Calle 13 Mark Bayanga and his Psychodeli

I know. I heard. We all remember what we were doing, at the exact moment we heard the disturbing rumor—that Calle 13 would be no más. I personally was attempting to cook arroz con habichuelas when my comadre called. I blacked out. I don’t remember a thing except the smell of beans burning. 

Breath easily—it’s just a pause for the band. All of us have dreams we’d love to pursue. And one of those dreams coming true is called El Psychodeli from my dear compadre, Mark “Bayanga” Rivera. The Calle 13 lead guitar, visual artist and entrepreneur has founded and built a new formidable business in true guerrilla spirit. As a self-proclaimed Latino Rebelde himself, I had to chat with him for a few minutes and find out what is it all about, and more importantly, how can we all join his movement. 

MF: Knowing you for a long time now, I should ask….. 

MR: Let’s talk about a movement. If this is really  “Latino Rebelde” then I’m going to say what I want as a Latino Rebelde vs. talking about stuff anyone can Google and find elsewhere. 

MF: YES! That’s the Bayanga I know! That’s what Latino Rebels do. 

MR: Exactly. I may disappoint or motivate someone with what I’m going to say, but you can relate to where I came from and how I ended up here telling this story about me. I’m just like everyone else just pursuing a dream! 

MF: Of course I can relate, Latino Rebelde is a movement in itself. Funny how you technically answered my last question. I could ask things I may find elsewhere, but you’re right, that’s not what Latino Rebels do. We want your uncensored truth. Now, how can our #RebeldeNation relate to you? 

MR: I’ve always worked for a living. I’m a fucking obrero and always will be until I die—just like my parents and grandparents. It’s how I grew up: WORKING! My passion for music got me into playing guitar and long story short, ended up playing for Calle 13, but between gigs and traveling I kept working. 

MF: We are characterized for being hard workers, that’s for sure. Now, Calle 13 sounds like an enormous undertaking. What were you working on during your “time off?” 

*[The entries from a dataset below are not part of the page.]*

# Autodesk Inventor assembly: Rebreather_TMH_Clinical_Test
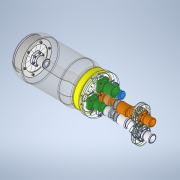
[picture p0: Inventor's stored thumbnail of the model, 180x180]
Saved by Autodesk Inventor 2020 (Build 240168000, 168)
## iProperties
Created: 2021-06-26
Part Number: Rebreather_TMH_Clinical_Test
Document SubType Name: Assembly
Designer: Workshop
Author: Workshop
## Documents named in this file (36)
- D:\Daya 2\Oxy\Bottle D 4 TMH Clinical\3d Files\Rebreather_TMH_Clinical_Test.iam
- D:\Daya 2\Oxy\Bottle D 4 TMH Clinical\3d Files\Container(Sunpet_2L).ipt
- D:\Daya 2\Oxy\Bottle D 4 TMH Clinical\3d Files\Container_Lid(Sunpet_2L).ipt
- D:\Daya 2\Oxy\Bottle D 4 TMH Clinical\3d Files\Bottom_Plate_For_Valve.ipt
- D:\Daya 2\Oxy\Bottle D 4 TMH Clinical\3d Files\Middle_Plate_For_Valve.ipt
- D:\Daya 2\Oxy\Bottle D 4 TMH Clinical\3d Files\Top_Plate_For_Valve.ipt
- C:\Users\Workshop\Documents\Inventor\Content Center Files\R2020\en-US\BS 4168(8)\BS 4168 - M3 x 16(7).ipt
- D:\Daya 2\Oxy\Bottle D 4 TMH Clinical\3d Files\M3_Nylon_Nut.ipt
- D:\Daya 2\Oxy\Bottle D 4 TMH Clinical\3d Files\Silicon_Valve.ipt
- D:\Daya 2\Oxy\Bottle D 4 TMH Clinical\3d Files\Net_Filter.ipt
- D:\Daya 2\Oxy\Bottle D 4 TMH Clinical\3d Files\Net_Retainer.ipt
- D:\Daya 2\Oxy\Bottle D 4 TMH Clinical\3d Files\22M_Airbag_Port_Green.ipt
- D:\Daya 2\Oxy\Bottle D 4 TMH Clinical\3d Files\22M_Exhalation_Port_Orange.ipt
- D:\Daya 2\Oxy\Bottle D 4 TMH Clinical\3d Files\22M_Inhalation_Port_Blue.ipt
- D:\Daya 2\Oxy\Bottle D 4 TMH Clinical\3d Files\22M_PEEP_Port_Female_Green.ipt
- D:\Daya 2\Oxy\Bottle D 4 TMH Clinical\3d Files\22M_Venturi_Port_White.ipt
- D:\Daya 2\Oxy\Bottle D 4 TMH Clinical\3d Files\22M_Diffuser_Port_Sq_Black.ipt
- D:\Daya 2\Oxy\Bottle D 4 TMH Clinical\3d Files\Diffuser_Bottom_Cover.ipt
- D:\Daya 2\Oxy\Bottle D 4 TMH Clinical\3d Files\Diffuser_Filter_Holder.ipt
- D:\Daya 2\Oxy\Bottle D 4 TMH Clinical\3d Files\Diffuser_Top_Cover.ipt
- D:\Daya 2\Oxy\Bottle D 4 TMH Clinical\3d Files\Filter.ipt
- D:\Daya 2\Oxy\Bottle D 4 TMH Clinical\3d Files\22M_Diffuser_Port_Hex_White.ipt
- C:\Users\Workshop\Documents\Inventor\Content Center Files\R2020\en-US\ANSI B18.3.1M(6)\ANSI B18.3.1M - M3x0.5 x 16(1).ipt
- C:\Users\Workshop\Documents\Inventor\Content Center Files\R2020\en-US\ANSI B18.3.1M(6)\ANSI B18.3.1M - M3x0.5 x 45(1).ipt
- D:\Daya 2\Oxy\Bottle D 4 TMH Clinical\3d Files\Connecting_Pipe.ipt
- D:\Daya 2\Oxy\Bottle D 4 TMH Clinical\3d Files\Standalone_Valve_Spacer_Plate.ipt
- D:\Daya 2\Oxy\Bottle D 4 TMH Clinical\3d Files\Standalone_Valve_Cover_Plate.ipt
- D:\Daya 2\Oxy\Bottle D 4 TMH Clinical\3d Files\Standalone_Valve_Base_Plate.ipt
- C:\Users\Workshop\Documents\Inventor\Content Center Files\R2020\en-US\ISO 7091\ISO 7091 - ST 3 - 100 HV.ipt
- C:\Users\Workshop\Documents\Inventor\Content Center Files\R2020\en-US\ANSI B18.3.1M(6)\ANSI B18.3.1M - M3x0.5 x 12(1).ipt
- D:\Daya 2\Oxy\Bottle D 4 TMH Clinical\3d Files\22M_Standalone_Offset_Port_Hex_Female_White.ipt
- D:\Daya 2\Oxy\Bottle D 4 TMH Clinical\3d Files\22M_Standalone_Offset_Port_Hex_Female_Orange.ipt
- D:\Daya 2\Oxy\Bottle D 4 TMH Clinical\3d Files\22M_Standalone_Port_Hex_Lite_Orange.ipt
- D:\Daya 2\Oxy\Bottle D 4 TMH Clinical\3d Files\22M_Standalone_Port_Hex_Lite_White.ipt
- C:\Users\Workshop\Documents\Inventor\Content Center Files\R2020\en-US\ANSI B18.3.1M(6)\ANSI B18.3.1M - M3x0.5 x 25(1).ipt
- D:\Daya 2\Oxy\Bottle D 4 TMH Clinical\3d Files\22M_Male_Female_Adapter.ipt
## Components (118 placed, 35 different names)
1. Container(Sunpet_2L):1 — Mate:1, Mate:2, Flush:1, Insert:1, Insert:48
2. Container_Lid(Sunpet_2L):1 — Insert:1, Mate:3, Insert:2, Insert:3, Insert:11, Insert:12
3. Bottom_Plate_For_Valve:1 — Insert:2, Insert:3, Insert:4, Insert:5, Insert:10
4. Middle_Plate_For_Valve:1 — Insert:4, Insert:5, Insert:6, Insert:7
5. Top_Plate_For_Valve:1 — Insert:6, Insert:7, Insert:8, Insert:9, Angle:1, Insert:15, Insert:16, Insert:17, Insert:18, Insert:19, Insert:20, Insert:21, Insert:22, Insert:23, Insert:24
6. BS 4168 : Part 8 Hexagon socket countersunk and button head screws - Metric series - Metric M3 x 16:1 — Insert:8
7. M3_Nylon_Nut:1 — Insert:9, Angle:1
8. Silicon_Valve:1 — Insert:10
9. Net_Filter:1 — Insert:11, Insert:12, Insert:13, Insert:14, Insert:54, Insert:55
10. Net_Retainer:1 — Insert:13, Insert:14, Insert:25, Insert:26, Insert:56, Insert:57
11. 22M_Airbag_Port_Green:1 — Insert:23, Insert:24
12. 22M_Exhalation_Port_Orange:1 — Insert:17, Insert:18, Insert:49, Insert:50, Insert:51, Insert:52, Insert:107, Angle:9
13. 22M_Inhalation_Port_Blue:1 — Insert:21, Insert:22, Angle:5, Insert:58, Insert:59, Insert:60, Insert:61
14. 22M_PEEP_Port_Female_Green:1 — Insert:19, Insert:20
15. 22M_Venturi_Port_White:1 — Insert:15, Insert:16, Insert:106, Angle:8
16. 22M_Diffuser_Port_Sq_Black:1 — Insert:25, Insert:26, Insert:53, Angle:4, Angle:6, Angle:7
17. Diffuser_Bottom_Cover:1 — Insert:31, Mate:4
18. Diffuser_Filter_Holder:1 — Insert:29, Insert:30, Insert:31, Insert:46, Insert:47
19. Diffuser_Top_Cover:1 — Insert:27, Insert:28, Mate:4, Insert:40, Insert:41, Insert:42, Insert:43, Insert:44, Insert:45, Insert:48
20. Filter:1 — Insert:27, Insert:28, Insert:29, Insert:30, Insert:32, Insert:33
21. 22M_Diffuser_Port_Hex_White:1 — Insert:32, Insert:33, Insert:34, Insert:35, Insert:36, Insert:37, Insert:38, Insert:39, Angle:2, Angle:3, Insert:62
22. Forged Socket Head Cap Screw - Metric M3x0.5 x 16:1 — Insert:34
23. Forged Socket Head Cap Screw - Metric M3x0.5 x 16:2 — Insert:35
24. Forged Socket Head Cap Screw - Metric M3x0.5 x 16:3 — Insert:36
25. Forged Socket Head Cap Screw - Metric M3x0.5 x 16:4 — Insert:37
26. Forged Socket Head Cap Screw - Metric M3x0.5 x 16:5 — Insert:38
27. Forged Socket Head Cap Screw - Metric M3x0.5 x 16:6 — Insert:39
28. Forged Socket Head Cap Screw - Metric M3x0.5 x 16:7 — Insert:40
29. Forged Socket Head Cap Screw - Metric M3x0.5 x 16:8 — Insert:41
30. Forged Socket Head Cap Screw - Metric M3x0.5 x 16:9 — Insert:42
31. Forged Socket Head Cap Screw - Metric M3x0.5 x 16:10 — Insert:43
32. Forged Socket Head Cap Screw - Metric M3x0.5 x 16:11 — Insert:44
33. Forged Socket Head Cap Screw - Metric M3x0.5 x 16:12 — Insert:45
34. Forged Socket Head Cap Screw - Metric M3x0.5 x 45:1 — Insert:49
35. Forged Socket Head Cap Screw - Metric M3x0.5 x 45:2 — Insert:50
36. Forged Socket Head Cap Screw - Metric M3x0.5 x 45:3 — Insert:51
37. Forged Socket Head Cap Screw - Metric M3x0.5 x 45:4 — Insert:52
38. Connecting_Pipe:1 — Insert:62
39. Standalone_Valve_Spacer_Plate:1 — Insert:65, Mate:5, Insert:66, Insert:67
40. Standalone_Valve_Cover_Plate:1 — Insert:68, Insert:69, Insert:74, Insert:93, Mate:9
41. Standalone_Valve_Base_Plate:1 — Insert:63, Insert:65, Mate:5, Insert:91, Insert:92
42. Standalone_Valve_Spacer_Plate:2 — Mate:6, Mate:7, Insert:70, Insert:71, Mate:8
43. Standalone_Valve_Cover_Plate:2 — Insert:72, Insert:73, Insert:75, Insert:88, Insert:89
44. Standalone_Valve_Base_Plate:2 — Insert:64, Mate:6, Mate:7, Insert:90
45. Standalone_Valve_Spacer_Plate:3 — Insert:66, Insert:67, Insert:68, Insert:69
46. Standalone_Valve_Spacer_Plate:4 — Insert:70, Insert:71, Insert:72, Insert:73
47. Silicon_Valve:2 — Insert:63
48. Silicon_Valve:3 — Insert:64
49. ISO 7091 ST 3 - 100 HV:1 — Insert:74, Insert:76
50. ISO 7091 ST 3 - 100 HV:2 — Insert:75, Insert:77
51. Forged Socket Head Cap Screw - Metric M3x0.5 x 12:1 — Insert:76
52. Forged Socket Head Cap Screw - Metric M3x0.5 x 12:2 — Insert:77
53. 22M_Standalone_Offset_Port_Hex_Female_White:1 — Insert:93, Mate:9, Mate:10, Angle:8, Mate:11
54. 22M_Standalone_Offset_Port_Hex_Female_Orange:1 — Insert:88, Insert:89, Mate:12, Angle:9, Mate:13
55. 22M_Standalone_Port_Hex_Lite_Orange:1 — Insert:90, Mate:8, Insert:100, Insert:101, Insert:102, Insert:103, Insert:104, Insert:105
56. 22M_Standalone_Port_Hex_Lite_White:1 — Insert:91, Insert:92, Insert:94, Insert:95, Insert:96, Insert:97, Insert:98, Insert:99
57. Forged Socket Head Cap Screw - Metric M3x0.5 x 25:17 — Insert:94
58. Forged Socket Head Cap Screw - Metric M3x0.5 x 25:18 — Insert:95
59. Forged Socket Head Cap Screw - Metric M3x0.5 x 25:19 — Insert:96
60. Forged Socket Head Cap Screw - Metric M3x0.5 x 25:20 — Insert:97
61. Forged Socket Head Cap Screw - Metric M3x0.5 x 25:21 — Insert:98
62. Forged Socket Head Cap Screw - Metric M3x0.5 x 25:22 — Insert:99
63. Forged Socket Head Cap Screw - Metric M3x0.5 x 25:23 — Insert:100
64. Forged Socket Head Cap Screw - Metric M3x0.5 x 25:24 — Insert:101
65. Forged Socket Head Cap Screw - Metric M3x0.5 x 25:25 — Insert:102
66. Forged Socket Head Cap Screw - Metric M3x0.5 x 25:26 — Insert:103
67. Forged Socket Head Cap Screw - Metric M3x0.5 x 25:27 — Insert:104
68. Forged Socket Head Cap Screw - Metric M3x0.5 x 25:28 — Insert:105
69. 22M_Male_Female_Adapter:1 — Insert:106, Mate:10, Mate:11
70. 22M_Male_Female_Adapter:2 — Insert:107, Mate:12, Mate:13
71. M3_Nylon_Nut:2 — Insert:46, Angle:2
72. M3_Nylon_Nut:3 — Insert:47, Angle:3
73. M3_Nylon_Nut:4
74. M3_Nylon_Nut:5
75. M3_Nylon_Nut:6
76. M3_Nylon_Nut:7
77. M3_Nylon_Nut:8
78. M3_Nylon_Nut:9
79. M3_Nylon_Nut:10
80. M3_Nylon_Nut:11
81. M3_Nylon_Nut:12
82. M3_Nylon_Nut:13
83. M3_Nylon_Nut:14 — Insert:53, Angle:4
84. M3_Nylon_Nut:15
85. M3_Nylon_Nut:16
86. M3_Nylon_Nut:17
87. Forged Socket Head Cap Screw - Metric M3x0.5 x 25:1 — Insert:58
88. M3_Nylon_Nut:18 — Insert:54, Angle:5
89. Forged Socket Head Cap Screw - Metric M3x0.5 x 25:2 — Insert:59
90. M3_Nylon_Nut:19 — Insert:55
91. Forged Socket Head Cap Screw - Metric M3x0.5 x 25:4 — Insert:61
92. M3_Nylon_Nut:20 — Insert:57, Angle:7
93. M3_Nylon_Nut:21 — Insert:56, Angle:6
94. Forged Socket Head Cap Screw - Metric M3x0.5 x 25:3 — Insert:60
95. Forged Socket Head Cap Screw - Metric M3x0.5 x 25:5
96. M3_Nylon_Nut:22
97. Forged Socket Head Cap Screw - Metric M3x0.5 x 25:6
98. M3_Nylon_Nut:23
99. Forged Socket Head Cap Screw - Metric M3x0.5 x 25:7
100. M3_Nylon_Nut:24
101. M3_Nylon_Nut:25
102. Forged Socket Head Cap Screw - Metric M3x0.5 x 25:8
103. Forged Socket Head Cap Screw - Metric M3x0.5 x 25:9
104. M3_Nylon_Nut:26
105. Forged Socket Head Cap Screw - Metric M3x0.5 x 25:10
106. M3_Nylon_Nut:27
107. Forged Socket Head Cap Screw - Metric M3x0.5 x 25:11
108. M3_Nylon_Nut:28
109. M3_Nylon_Nut:29
110. Forged Socket Head Cap Screw - Metric M3x0.5 x 25:12
111. Forged Socket Head Cap Screw - Metric M3x0.5 x 25:13
112. M3_Nylon_Nut:30
113. Forged Socket Head Cap Screw - Metric M3x0.5 x 25:14
114. M3_Nylon_Nut:31
115. Forged Socket Head Cap Screw - Metric M3x0.5 x 25:15
116. M3_Nylon_Nut:32
117. M3_Nylon_Nut:33
118. Forged Socket Head Cap Screw - Metric M3x0.5 x 25:16
## Component patterns: (6 elements, first: M3_Nylon_Nut:2 + M3_Nylon_Nut:3), (4 elements, first: M3_Nylon_Nut:14), (4 elements, first: Forged Socket Head Cap Screw - Metric M3x0.5 x 25:1 + M3_Nylon_Nut:18 + Forged Socket Head Cap Screw - Metric M3x0.5 x 25:2 + M3_Nylon_Nut:19 + Forged Socket Head Cap Screw - Metric M3x0.5 x 25:4 + M3_Nylon_Nut:20 + M3_Nylon_Nut:21 + Forged Socket Head Cap Screw - Metric M3x0.5 x 25:3)
## Relationships (120: Insert 97, Mate 13, Angle 9, Flush 1)
- Mate:1: Container(Sunpet_2L):1
- Mate:2: Container(Sunpet_2L):1
- Flush:1: Container(Sunpet_2L):1
- Insert:1: Container(Sunpet_2L):1 ↔ Container_Lid(Sunpet_2L):1
- Mate:3: Container_Lid(Sunpet_2L):1
- Insert:2: Container_Lid(Sunpet_2L):1 ↔ Bottom_Plate_For_Valve:1
- Insert:3: Container_Lid(Sunpet_2L):1 ↔ Bottom_Plate_For_Valve:1
- Insert:4: Bottom_Plate_For_Valve:1 ↔ Middle_Plate_For_Valve:1
- Insert:5: Bottom_Plate_For_Valve:1 ↔ Middle_Plate_For_Valve:1
- Insert:6: Middle_Plate_For_Valve:1 ↔ Top_Plate_For_Valve:1
- Insert:7: Middle_Plate_For_Valve:1 ↔ Top_Plate_For_Valve:1
- Insert:8: Top_Plate_For_Valve:1 ↔ BS 4168 : Part 8 Hexagon socket countersunk and button head screws - Metric series - Metric M3 x 16:1
- Insert:9: Top_Plate_For_Valve:1 ↔ M3_Nylon_Nut:1
- Angle:1 (0 deg): Top_Plate_For_Valve:1 ↔ M3_Nylon_Nut:1
- Insert:10: Bottom_Plate_For_Valve:1 ↔ Silicon_Valve:1
- Insert:11: Container_Lid(Sunpet_2L):1 ↔ Net_Filter:1
- Insert:12: Container_Lid(Sunpet_2L):1 ↔ Net_Filter:1
- Insert:13: Net_Filter:1 ↔ Net_Retainer:1
- Insert:14: Net_Filter:1 ↔ Net_Retainer:1
- Insert:15: Top_Plate_For_Valve:1 ↔ 22M_Venturi_Port_White:1
- Insert:16: Top_Plate_For_Valve:1 ↔ 22M_Venturi_Port_White:1
- Insert:17: Top_Plate_For_Valve:1 ↔ 22M_Exhalation_Port_Orange:1
- Insert:18: Top_Plate_For_Valve:1 ↔ 22M_Exhalation_Port_Orange:1
- Insert:19: Top_Plate_For_Valve:1 ↔ 22M_PEEP_Port_Female_Green:1
- Insert:20: Top_Plate_For_Valve:1 ↔ 22M_PEEP_Port_Female_Green:1
- Insert:21: Top_Plate_For_Valve:1 ↔ 22M_Inhalation_Port_Blue:1
- Insert:22: Top_Plate_For_Valve:1 ↔ 22M_Inhalation_Port_Blue:1
- Insert:23: Top_Plate_For_Valve:1 ↔ 22M_Airbag_Port_Green:1
- Insert:24: Top_Plate_For_Valve:1 ↔ 22M_Airbag_Port_Green:1
- Insert:25: Net_Retainer:1 ↔ 22M_Diffuser_Port_Sq_Black:1
- Insert:26: Net_Retainer:1 ↔ 22M_Diffuser_Port_Sq_Black:1
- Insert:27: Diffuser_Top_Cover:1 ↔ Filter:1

MR: I own a woodworking shop and have been building and constructing all sorts of stuff for businesses, offices, movie sets, commercials, music videos, recording studios etc. The list is long mainly in art and design is what I’m into. 

MF: Your new project is called El Psychodeli. How did that idea come around? 

MR: Goofing around on a tour bus with Ismael Cancel, Calle 13’s drummer and Kacho López from Zapatero. Kacho came up with the name. I thought it was perfect, for it’s a good description of what this new concept is about. You got to be crazy or a psycho to get involved in a business like this in what everyone calls “the Crisis” for me its the perfect time for Puerto Ricans to rethink how we do work against the system that got us into this “crisis.” I have learned a lot 10 years touring so I’m just putting all these new ideas into this one place.